Let ${ a \lt b }.$ We can try constructing an ${ f \in \mathcal{C} ^{\infty} (\mathbb{R}) }$ which is ${ \gt 0 }$ on ${ (a,b) }$ and ${ 0 }$ everywhere else.
Any such $f$ is a bit interesting : All left hand derivatives ${ f ^{(j)} (a -) }$ are $0$ so all ${ f ^{(j)} (a) }$ are $0.$ Hence all Taylor polynomials ${ P _n (x) = f(a) + f'(a) (x-a) + \ldots + \frac{f ^{(n)} (a)}{n!} (x-a) ^n }$ are $0,$ even though $f$ is nonzero as a function on every ${ (a - \delta, a + \delta) }.$
It suffices to find a ${ g \in \mathcal{C} ^{\infty} (\mathbb{R}) }$ which is ${ \gt 0 }$ on ${ (0, \infty) }$ and $0$ everywhere else.
If ${ g _1, g _2 }$ are two such functions (not necessarily distinct), then ${ g _1 (x - a) g _2 (b - x) }$ would work : It is ${ \mathcal{C} ^{\infty} }$ on $\mathbb{R},$ is $0$ when ${ x \leq a }$ or ${ x \geq b },$ and is $\gt 0$ on $(a,b).$
It suffices to find a ${ h : (0, \infty) \to \mathbb{R} _{\gt 0} }$ which is ${ \mathcal{C} ^{\infty} }$ and such that ${ h(t), \frac{h(t)}{t}, \frac{h'(t)}{t}, \frac{h ^{(2)} (t)}{t}, \ldots }$ all go to $0$ as $t \to 0 ^{+}$
Because then the function which is $h(x)$ on $(0, \infty)$ and $0$ everywhere else is a valid $g.$
Also notice if ${ h _1, h _2 }$ are two such functions and ${ \alpha \gt 0 },$ so are ${\alpha h _1, h _1 + h _2 }$ and ${ h _1 h _2 }.$
Looking for valid $h$ :
We must have ${ \lim _{t \to 0 ^+} \frac{h(t)}{t} = 0 },$ ie ${ \lim _{x \to \infty} x h(\frac{1}{x}) = 0 },$ ie ${ \lim _{x \to \infty} \dfrac{x}{ { \color{purple}{(\frac{1}{ h( \frac{1}{x} ) } )} } } = 0. }$
So maybe setting ${ { \color{purple}{\frac{1}{ h (\frac{1}{x}) }} } = e ^x },$ ie setting ${ h(t) = e ^{- \frac{1}{t} } },$ would work ? We can check it does.
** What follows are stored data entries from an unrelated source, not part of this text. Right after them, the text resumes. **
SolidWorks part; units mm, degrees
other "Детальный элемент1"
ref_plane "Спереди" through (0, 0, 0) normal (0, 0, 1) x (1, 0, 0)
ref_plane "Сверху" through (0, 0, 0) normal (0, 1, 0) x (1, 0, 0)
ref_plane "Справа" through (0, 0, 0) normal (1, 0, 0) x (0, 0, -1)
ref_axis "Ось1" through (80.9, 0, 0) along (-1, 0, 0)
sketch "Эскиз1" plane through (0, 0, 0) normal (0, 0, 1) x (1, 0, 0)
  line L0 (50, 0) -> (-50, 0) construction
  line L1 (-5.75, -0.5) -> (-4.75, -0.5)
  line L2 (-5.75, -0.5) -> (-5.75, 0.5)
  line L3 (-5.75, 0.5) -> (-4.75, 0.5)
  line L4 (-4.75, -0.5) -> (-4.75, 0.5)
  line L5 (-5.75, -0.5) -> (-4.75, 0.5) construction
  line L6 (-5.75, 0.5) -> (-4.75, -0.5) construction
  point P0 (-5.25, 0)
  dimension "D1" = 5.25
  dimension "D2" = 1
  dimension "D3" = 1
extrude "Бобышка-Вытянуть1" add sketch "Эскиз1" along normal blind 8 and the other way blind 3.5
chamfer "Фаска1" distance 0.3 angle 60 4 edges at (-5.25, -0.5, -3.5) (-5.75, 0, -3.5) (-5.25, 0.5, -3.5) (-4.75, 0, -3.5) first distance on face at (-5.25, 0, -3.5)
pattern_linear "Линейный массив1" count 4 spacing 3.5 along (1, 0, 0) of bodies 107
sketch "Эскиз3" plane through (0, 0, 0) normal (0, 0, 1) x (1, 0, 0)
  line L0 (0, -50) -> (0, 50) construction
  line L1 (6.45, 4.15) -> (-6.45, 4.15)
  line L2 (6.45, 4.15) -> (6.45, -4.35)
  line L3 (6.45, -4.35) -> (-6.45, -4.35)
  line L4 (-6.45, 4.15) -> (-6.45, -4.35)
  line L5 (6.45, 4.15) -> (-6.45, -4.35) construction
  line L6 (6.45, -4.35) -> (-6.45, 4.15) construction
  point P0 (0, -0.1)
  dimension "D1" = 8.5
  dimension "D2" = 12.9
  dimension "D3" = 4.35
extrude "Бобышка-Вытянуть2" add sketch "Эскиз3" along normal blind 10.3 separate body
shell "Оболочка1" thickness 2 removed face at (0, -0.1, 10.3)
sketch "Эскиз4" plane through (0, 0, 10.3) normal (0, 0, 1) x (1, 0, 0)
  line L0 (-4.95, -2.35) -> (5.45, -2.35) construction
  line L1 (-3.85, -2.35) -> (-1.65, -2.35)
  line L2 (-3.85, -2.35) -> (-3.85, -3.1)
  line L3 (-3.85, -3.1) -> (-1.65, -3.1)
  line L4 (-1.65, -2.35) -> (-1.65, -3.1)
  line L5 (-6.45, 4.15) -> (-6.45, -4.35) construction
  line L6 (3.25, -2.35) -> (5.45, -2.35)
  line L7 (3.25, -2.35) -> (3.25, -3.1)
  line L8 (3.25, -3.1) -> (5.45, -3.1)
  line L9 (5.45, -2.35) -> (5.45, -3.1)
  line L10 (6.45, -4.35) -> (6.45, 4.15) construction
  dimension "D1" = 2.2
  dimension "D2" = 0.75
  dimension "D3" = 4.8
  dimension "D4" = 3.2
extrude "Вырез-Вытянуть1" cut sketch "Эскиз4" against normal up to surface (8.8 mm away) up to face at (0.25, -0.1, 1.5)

Each ${ \frac{ h ^{(k)} (t) }{t} }$ is an ${ \mathbb{R}- }$combination of finitely many terms of the form ${ e ^{- \frac{1}{t} } t ^{\nu} }$ (with ${ \nu \in \mathbb{Z} }$). Further ${ \lim _{t \to 0 ^{+}} e ^{-\frac{1}{t}} t ^{\nu} = \lim _{x \to \infty} e ^{-x} x ^{-\nu} = 0}$ for every integer $\nu.$
There are many more valid $h.$ For example, the above verification suggests a riskier guess of ${ { \color{purple}{\frac{1}{ h (\frac{1}{x}) }} } = e ^{x ^j} x ^k }$ ${ (j, k \in \mathbb{Z}; j \gt 0), }$ ie ${ h(t) = e ^{ -\frac{1}{t ^j} } t ^k }$ ${ (j, k \in \mathbb{Z}; j \gt 0) }$ could've also worked. A similar verification shows it does work.
Eg: Let ${ a \lt b }.$ Take ${ h _1 (t) = e ^{ - \frac{1}{ t ^2 } } \frac{1}{t ^3} }$ and ${ h _2 (t) = e ^{ - \frac{1}{t} } \frac{1}{t ^2} }$ and consider the corresponding $g _1, g _2.$ Now we see the function, given by ${ \frac{1}{ (t-a) ^3 (b-t) ^2} e ^{ - \frac{1}{(t-a) ^2} } e ^{- \frac{1}{b-t} } }$ on $(a,b)$ and $0$ everywhere else, is ${ \mathcal{C} ^{\infty} }$ on $\mathbb{R}.$
As in Will Jagy's answer, we can get plateau bump functions from these.